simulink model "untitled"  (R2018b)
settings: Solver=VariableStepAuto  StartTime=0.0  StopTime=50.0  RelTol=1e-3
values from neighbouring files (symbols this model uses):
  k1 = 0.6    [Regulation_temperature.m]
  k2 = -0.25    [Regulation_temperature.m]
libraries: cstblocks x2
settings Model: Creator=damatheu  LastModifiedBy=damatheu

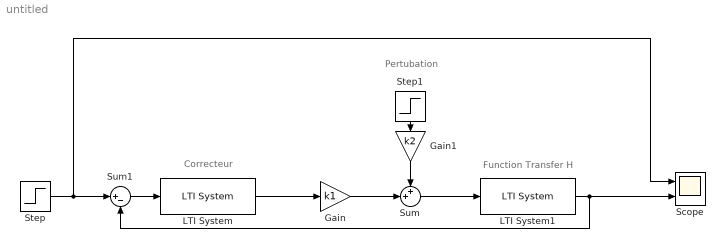
== system untitled ==
  note: Function Transfer H
  note: Correcteur
  note: Pertubation
  Gain : Gain  Gain=k1
  Gain1 : Gain  Gain=k2
  LTI System : cstblocks/LTI System  sys=C  IC=[]
  LTI System1 : cstblocks/LTI System  sys=H  IC=[]
  Scope : Scope  NumInputPorts=2
  Step : Step  SampleTime=0
  Step1 : Step  Time=2  SampleTime=0
  Sum : Sum  Inputs=++|
  Sum1 : Sum  Inputs=|+-
  wires:
  Step1/1 -> Gain1/1
  Gain1/1 -> Sum/1
  Gain/1 -> Sum/2
  LTI System/1 -> Gain/1
  Step/1 -> Scope/1, Sum1/1
  Sum/1 -> LTI System1/1
  LTI System1/1 -> Scope/2, Sum1/2
  Sum1/1 -> LTI System/1
- - - - - - -
* **Activity**
All lines from the one containing "Gain1/1 -> Sum/1" down to the final line above are to be restated word for word; leave out the rest.

* **Output**
  Gain1/1 -> Sum/1
  Gain/1 -> Sum/2
  LTI System/1 -> Gain/1
  Step/1 -> Scope/1, Sum1/1
  Sum/1 -> LTI System1/1
  LTI System1/1 -> Scope/2, Sum1/2
  Sum1/1 -> LTI System/1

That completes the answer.